Aurobindo who had shone like a fiery comet on the horizon for five years, inspiring thousands to rise up against the undefeated British colossus, was now a man of God. His scientist father had been a passionate proponent of evolution and now his son has moved from the political to the spiritual. Aurobindo seemed to be following in the footsteps of his grandfather, the iconic writer and teacher Rajnarain Basu, who had abandoned the glamor of Calcutta to teach in a mufassil college in Midnapore – contributing considerably from there – before leaving prematurely for the rustic setting of Deoghar. He was honored with the title rishi, meaning ‘sage’.

Aurobindo, too, deserted Bengal to settle as rishi, Sri Aurobindo, in Pondicherry – where the British police were never able to repair it again. The ashram he established gained worldwide fame and followers flocked to hear his discourses on the Self, the Gita and Savitri and many other spiritual topics. He kept no contact with the revolutionaries he had inspired or with the mainstream of India during the difficult decades towards independence.

While thousands have deified Rishi Aurobindo, countless others have never forgiven him.

Subhas Chandra Bose called his mysticism “escapism”. Aurobindo retaliated through his disciple Dilip Kumar Roy. In his letter of August 20, 1935 to Roy [PDF]Aurobindo said, “As for the desperate Subhas, why the hell does he want everyone to agree with him and follow his belief?”

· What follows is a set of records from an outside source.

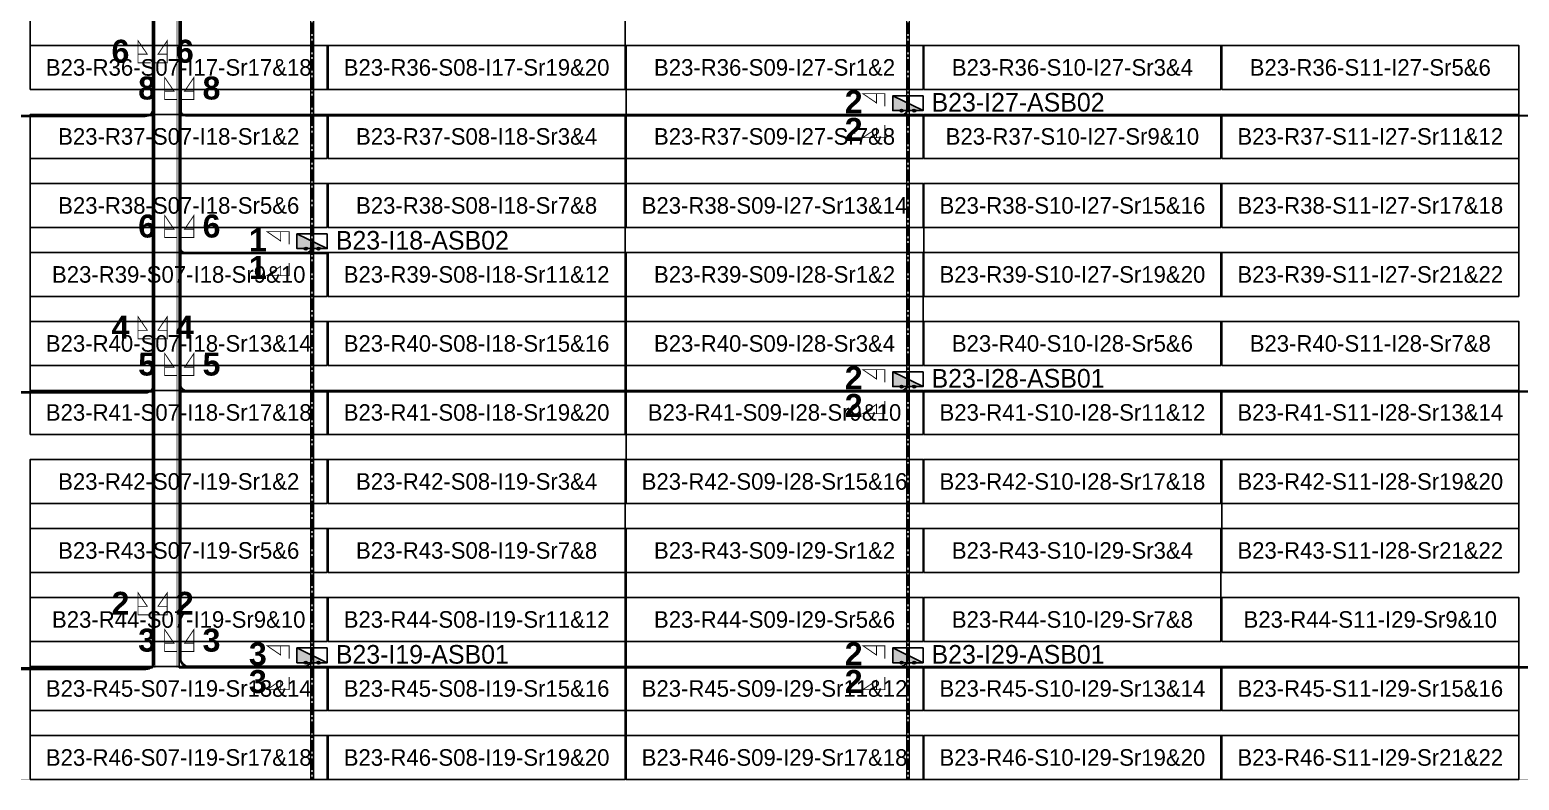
# Model space of a CAD drawing. Header units: metres. Extents: x 529718 to 530172, y 2673462 to 2673812.
# Drawn here: x 529912.7 to 530074.7, y 2673461.7 to 2673543.3 of the extents above; entities that cross this region are included whole.
import ezdxf
from ezdxf.enums import TextEntityAlignment as Align

# ---------------------------------------------------------------- set-up
doc = ezdxf.new("R2010")
doc.units = ezdxf.units.M
doc.linetypes.add('CENTER', pattern=[2, 1.25, -0.25, 0.25, -0.25])
doc.layers.add('Boundary-12.5 MW Block', color=6, linetype='Continuous', lineweight=9)
doc.layers.add('PILE', color=1, linetype='Continuous', lineweight=15)
for name, color, linetype in [('DC Trench BL-23', 40, 'Continuous'), ('E-Inverter Grouping', 2, 'Continuous'), ('Inverter Block-23', 7, 'Continuous'), ('LT Cable(AG) INV to LT Panel BL-23', 2, 'Continuous'), ('Messenger Wire-Block-23 (Master Path)', 30, 'Continuous'), ('Messenger Wire-Block-23 (MW Path)', 191, 'Continuous'), ('MMS Table Block-23', 8, 'Continuous'), ('Plan Line - DC BL-23', 40, 'Continuous'), ('Section Marking BL-23', 2, 'Continuous')]:
    doc.layers.add(name, color=color, linetype=linetype)
doc.styles.add('BoldTextStyle', font='arialbd.ttf')
doc.styles.get("Standard").update_dxf_attribs({"font": 'Adani Regular.ttf'})

# ---------------------------------------------------------------- blocks, each defined once
blk = doc.blocks.new('MMS Table (32.292 x 4.788)')
at = {"color": 0}
blk.add_lwpolyline([(0, -0.002), (0, 4.786), (32.292, 4.786), (32.292, -0.002)], close=True, dxfattribs=at)
at = {"color": 7}
blk.add_attdef('ID1', text='', height=1.8, dxfattribs=at).set_placement((16.146, 2.392), align=Align.MIDDLE_CENTER)
blk = doc.blocks.new('Inverter Block')
h = blk.add_hatch(color=0)
h.dxf.hatch_style = 1
h.paths.add_polyline_path([(-1.46, 2.27), (-1.46, 0.85), (1.46, 0.85)])
at = {"color": 0}
blk.add_lwpolyline([(1.46, 2.27), (-1.46, 2.27), (-1.46, 0.85), (1.46, 0.85)], close=True, dxfattribs=at)
blk.add_lwpolyline([(-1.46, 2.27), (1.46, 0.85)], dxfattribs=at)
at = {"layer": 'PILE'}
for centre in [(-0.61, 0.85), (0.61, 0.85)]:
    blk.add_circle(centre, 0.156, dxfattribs=at)
at = {"color": 7}
blk.add_attdef('ID', (-1.46, 3.01), '', height=1.8, dxfattribs=at)

msp = doc.modelspace()

# ---------------------------------------------------------------- linework, layer by layer
at = {"layer": 'Boundary-12.5 MW Block', "const_width": 0.05}
msp.add_lwpolyline([(529718.4, 2673654.08), (529912.65, 2673654.08), (529922.34, 2673660.7), (529945.14, 2673671.79), (529945.14, 2673804.08), (529977.54, 2673804.08), (529977.54, 2673811.58), (530171.79, 2673811.58), (530171.79, 2673461.79), (529718.4, 2673461.79)], close=True, dxfattribs=at)
at = {"layer": 'DC Trench BL-23', "color": 40, "const_width": 0.15}
for points in [[(529943.55, 2673624.08), (529943.25, 2673624.08), (529943.25, 2673461.79), (529943.55, 2673461.79)], [(530008.34, 2673564.08), (530008.04, 2673564.08), (530008.04, 2673461.79), (530008.34, 2673461.79)]]:
    msp.add_lwpolyline(points, close=True, dxfattribs=at)
at = {"layer": 'E-Inverter Grouping', "color": 3}
for points in [[(529977.44, 2673536.79), (529912.75, 2673536.79), (529912.75, 2673571.58), (529977.44, 2673571.58)], [(529977.44, 2673499.29), (529912.75, 2673499.29), (529912.75, 2673534.08), (529977.44, 2673534.08)], [(529977.44, 2673461.79), (529912.75, 2673461.79), (529912.75, 2673496.58), (529977.44, 2673496.58)]]:
    msp.add_lwpolyline(points, close=True, dxfattribs=at)
at = {"layer": 'E-Inverter Grouping'}
for points in [[(530074.61, 2673514.29), (530009.93, 2673514.29), (530009.93, 2673521.79), (529977.54, 2673521.79), (529977.54, 2673541.58), (530074.61, 2673541.58)], [(530074.61, 2673484.29), (530042.32, 2673484.29), (530042.32, 2673491.79), (529977.54, 2673491.79), (529977.54, 2673519.08), (530009.83, 2673519.08), (530009.83, 2673511.58), (530074.61, 2673511.58)], [(530042.22, 2673481.58), (530074.61, 2673481.58), (530074.61, 2673461.79), (529977.54, 2673461.79), (529977.54, 2673489.08), (530042.22, 2673489.08)]]:
    msp.add_lwpolyline(points, close=True, dxfattribs=at)
at = {"layer": 'LT Cable(AG) INV to LT Panel BL-23'}
for points in [[(529938.89, 2673644.1), (529935.47, 2673644.1, -0.116088), (529935.07, 2673644.2), (529933.65, 2673644.91, 0.116088), (529933.25, 2673645), (529926.97, 2673645, 0.414214), (529926.07, 2673644.1), (529926.07, 2673625.17, 0.023365), (529926.08, 2673625.09), (529926.13, 2673624.53, -0.023365), (529926.13, 2673624.44), (529926.13, 2673534.76, -0.414214), (529925.23, 2673533.86), (529785.72, 2673533.86, -0.414214), (529784.82, 2673534.76), (529784.82, 2673535.19)], [(529936.82, 2673644.05), (529935.47, 2673644.05, -0.116088), (529935.07, 2673644.15), (529933.65, 2673644.86, 0.116088), (529933.25, 2673644.95), (529927.02, 2673644.95, 0.414214), (529926.12, 2673644.05), (529926.12, 2673625.17, 0.023365), (529926.13, 2673625.09), (529926.18, 2673624.53, -0.023365), (529926.18, 2673624.45), (529926.18, 2673504.71, -0.414214), (529925.28, 2673503.81), (529785.72, 2673503.81, -0.414214), (529784.82, 2673504.71), (529784.82, 2673505.19)], [(529936.82, 2673644), (529935.47, 2673644, -0.116088), (529935.07, 2673644.1), (529933.65, 2673644.81, 0.116088), (529933.25, 2673644.9), (529927.07, 2673644.9, 0.414214), (529926.17, 2673644), (529926.17, 2673625.17, 0.023365), (529926.18, 2673625.09), (529926.23, 2673624.53, -0.023365), (529926.23, 2673624.45), (529926.23, 2673474.66, -0.414214), (529925.33, 2673473.76), (529785.72, 2673473.76, -0.414214), (529784.82, 2673474.66), (529784.82, 2673475.19)], [(529938.89, 2673644.13), (529935.47, 2673644.13, -0.116088), (529935.07, 2673644.22), (529933.65, 2673644.93, 0.116088), (529933.25, 2673645.02), (529926.95, 2673645.02, 0.414214), (529926.05, 2673644.12), (529926.05, 2673625.17, 0.023365), (529926.05, 2673625.08), (529926.1, 2673624.53, -0.023365), (529926.11, 2673624.44), (529926.11, 2673534.79, -0.414214), (529925.21, 2673533.89), (529882.9, 2673533.89, -0.414214), (529882, 2673534.79), (529882, 2673535.19)], [(529936.82, 2673644.08), (529935.47, 2673644.08, -0.116088), (529935.07, 2673644.17), (529933.65, 2673644.88, 0.116088), (529933.25, 2673644.97), (529927, 2673644.97, 0.414214), (529926.1, 2673644.07), (529926.1, 2673625.17, 0.023365), (529926.1, 2673625.09), (529926.15, 2673624.53, -0.023365), (529926.16, 2673624.45), (529926.16, 2673504.74, -0.414214), (529925.26, 2673503.84), (529882.9, 2673503.84, -0.414214), (529882, 2673504.74), (529882, 2673505.19)], [(529936.82, 2673644.03), (529935.47, 2673644.03, -0.116088), (529935.07, 2673644.12), (529933.65, 2673644.83, 0.116088), (529933.25, 2673644.92), (529927.05, 2673644.92, 0.414214), (529926.15, 2673644.02), (529926.15, 2673625.17, 0.023365), (529926.15, 2673625.09), (529926.2, 2673624.53, -0.023365), (529926.21, 2673624.45), (529926.21, 2673474.69, -0.414214), (529925.31, 2673473.79), (529882.9, 2673473.79, -0.414214), (529882, 2673474.69), (529882, 2673475.19)]]:
    msp.add_lwpolyline(points, format="xyb", dxfattribs=at)
at = {"layer": 'LT Cable(AG) INV to LT Panel BL-23', "color": 5}
for points in [[(529937.79, 2673643.59), (529935.5, 2673643.59, 0.056692), (529935.3, 2673643.56), (529933.73, 2673643.2, -0.056692), (529933.52, 2673643.18), (529929.72, 2673643.18, 0.414214), (529928.82, 2673642.28), (529928.82, 2673625.16, 0.03905), (529928.83, 2673625.02), (529928.92, 2673624.46, -0.03905), (529928.93, 2673624.32), (529928.93, 2673534.81, 0.414214), (529929.83, 2673533.91), (530104.46, 2673533.91, 0.414214), (530105.36, 2673534.81), (530105.36, 2673535.19)], [(529937.79, 2673643.56), (529935.5, 2673643.56, 0.056692), (529935.3, 2673643.54), (529933.73, 2673643.18, -0.056692), (529933.52, 2673643.15), (529929.75, 2673643.15, 0.414214), (529928.85, 2673642.25), (529928.85, 2673625.16, 0.03905), (529928.86, 2673625.02), (529928.95, 2673624.46, -0.03905), (529928.96, 2673624.32), (529928.96, 2673534.84, 0.414214), (529929.86, 2673533.94), (530007.29, 2673533.94, 0.414214), (530008.19, 2673534.84), (530008.19, 2673535.19)], [(529937.79, 2673643.54), (529935.5, 2673643.54, 0.056692), (529935.3, 2673643.51), (529933.73, 2673643.15, -0.056692), (529933.52, 2673643.13), (529929.77, 2673643.13, 0.414214), (529928.87, 2673642.23), (529928.87, 2673625.17, 0.03905), (529928.88, 2673625.03), (529928.97, 2673624.47, -0.03905), (529928.98, 2673624.33), (529928.98, 2673519.86, 0.414214), (529929.88, 2673518.96), (529942.5, 2673518.96, 0.414214), (529943.4, 2673519.86), (529943.4, 2673520.19)], [(529937.79, 2673643.51), (529935.5, 2673643.51, 0.056692), (529935.3, 2673643.49), (529933.73, 2673643.13, -0.056692), (529933.52, 2673643.1), (529929.8, 2673643.1, 0.414214), (529928.9, 2673642.2), (529928.9, 2673625.17, 0.03905), (529928.91, 2673625.03), (529929, 2673624.47, -0.03905), (529929.01, 2673624.33), (529929.01, 2673504.89, 0.414214), (529929.91, 2673503.99), (530104.46, 2673503.99, 0.414214), (530105.36, 2673504.89), (530105.36, 2673505.19)], [(529939.95, 2673643.49), (529935.5, 2673643.49, 0.056692), (529935.3, 2673643.46), (529933.73, 2673643.1, -0.056692), (529933.52, 2673643.08), (529929.82, 2673643.08, 0.414214), (529928.92, 2673642.18), (529928.92, 2673625.17, 0.03905), (529928.93, 2673625.03), (529929.02, 2673624.47, -0.03905), (529929.03, 2673624.33), (529929.03, 2673504.91, 0.414214), (529929.93, 2673504.01), (530007.29, 2673504.01, 0.414214), (530008.19, 2673504.91), (530008.19, 2673505.19)], [(529939.95, 2673643.46), (529935.5, 2673643.46, 0.056692), (529935.3, 2673643.44), (529933.73, 2673643.08, -0.056692), (529933.52, 2673643.05), (529929.85, 2673643.05, 0.414214), (529928.95, 2673642.15), (529928.95, 2673625.17, 0.03905), (529928.96, 2673625.03), (529929.05, 2673624.47, -0.03905), (529929.06, 2673624.33), (529929.06, 2673474.94, 0.414214), (529929.96, 2673474.04), (530104.46, 2673474.04, 0.414214), (530105.36, 2673474.94), (530105.36, 2673475.19)], [(529939.95, 2673643.44), (529935.5, 2673643.44, 0.056692), (529935.3, 2673643.41), (529933.73, 2673643.05, -0.056692), (529933.52, 2673643.03), (529929.87, 2673643.03, 0.414214), (529928.97, 2673642.13), (529928.97, 2673625.17, 0.03905), (529928.98, 2673625.03), (529929.07, 2673624.47, -0.03905), (529929.08, 2673624.33), (529929.08, 2673474.96, 0.414214), (529929.98, 2673474.06), (530007.29, 2673474.06, 0.414214), (530008.19, 2673474.96), (530008.19, 2673475.19)], [(529939.95, 2673643.41), (529935.5, 2673643.41, 0.056692), (529935.3, 2673643.39), (529933.73, 2673643.03, -0.056692), (529933.52, 2673643), (529929.9, 2673643, 0.414214), (529929, 2673642.1), (529929, 2673625.18, 0.03905), (529929.01, 2673625.04), (529929.1, 2673624.48, -0.03905), (529929.11, 2673624.34), (529929.11, 2673474.99, 0.414214), (529930.01, 2673474.09), (529942.5, 2673474.09, 0.414214), (529943.4, 2673474.99), (529943.4, 2673475.19)]]:
    msp.add_lwpolyline(points, format="xyb", dxfattribs=at)
at = {"layer": 'Messenger Wire-Block-23 (Master Path)'}
for points in [[(529926.06, 2673473.94), (529926.06, 2673624.48)], [(529928.96, 2673473.94), (529928.96, 2673624.39)], [(529783.18, 2673533.94), (529926.06, 2673533.94)], [(529928.96, 2673533.94), (530107, 2673533.94)], [(529928.96, 2673518.94), (529945.04, 2673518.94)], [(529783.18, 2673503.94), (529926.06, 2673503.94)], [(529928.96, 2673503.94), (530107, 2673503.94)], [(529783.18, 2673473.94), (529926.06, 2673473.94)], [(529928.96, 2673473.94), (530107, 2673473.94)]]:
    msp.add_lwpolyline(points, dxfattribs=at)
at = {"layer": 'Messenger Wire-Block-23 (MW Path)', "const_width": 0.1}
for points in [[(529926.31, 2673473.94), (529926.31, 2673624.48)], [(529928.71, 2673473.94), (529928.71, 2673624.39)], [(529929.21, 2673533.94), (529929.21, 2673624.39)], [(529783.18, 2673533.94), (529926.06, 2673533.94)], [(529928.96, 2673533.94), (530107, 2673533.94)], [(529928.96, 2673518.94), (529945.04, 2673518.94)], [(529783.18, 2673503.94), (529926.06, 2673503.94)], [(529928.96, 2673503.94), (530107, 2673503.94)], [(529783.18, 2673473.94), (529926.06, 2673473.94)], [(529928.96, 2673473.94), (530107, 2673473.94)]]:
    msp.add_lwpolyline(points, dxfattribs=at)
at = {"layer": 'Plan Line - DC BL-23', "color": 6, "linetype": 'CENTER'}
for points in [[(529943.4, 2673624.08), (529943.4, 2673461.79)], [(530008.19, 2673564.08), (530008.19, 2673461.79)]]:
    msp.add_lwpolyline(points, dxfattribs=at)
at = {"layer": 'Section Marking BL-23', "color": 94, "lineweight": 35, "true_color": 0x00a500, "const_width": 0.1}
for points in [[(529925.86, 2673539.69), (529924.47, 2673539.69), (529924.47, 2673542.09), (529925.48, 2673540.61), (529924.47, 2673540.61)], [(529926.26, 2673539.69), (529927.65, 2673539.69), (529927.65, 2673542.09), (529926.64, 2673540.61), (529927.65, 2673540.61)], [(529928.76, 2673535.69), (529927.37, 2673535.69), (529927.37, 2673538.09), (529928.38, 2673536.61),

He continued sardonically that gurus like him and even gods had less ambitions than Subhas. Aurobindo criticized all politicians and said that Subhas was “a politician and that the rationality of politicians must necessarily evolve within limits. If they allowed themselves to be as clear-headed as that, then their profession would no longer exist”. Subhas was more respectful but didn’t hesitate to believe that gurus are pranksters. To which Aurobindo replies through Dilip Roy: “What good is it to exhaust faith which, after all, gives something to cling to among the contradictions of an enigmatic existence… Logic is but a measured dance of mind, nothing else. ”

Great but complex personalities continue to remain adamant about what they believe to be right, and Aurobindo will surely need more than just a superficial assessment to be fully understood.

Jawhar Sircar is a Trinamool Congressman (TMC).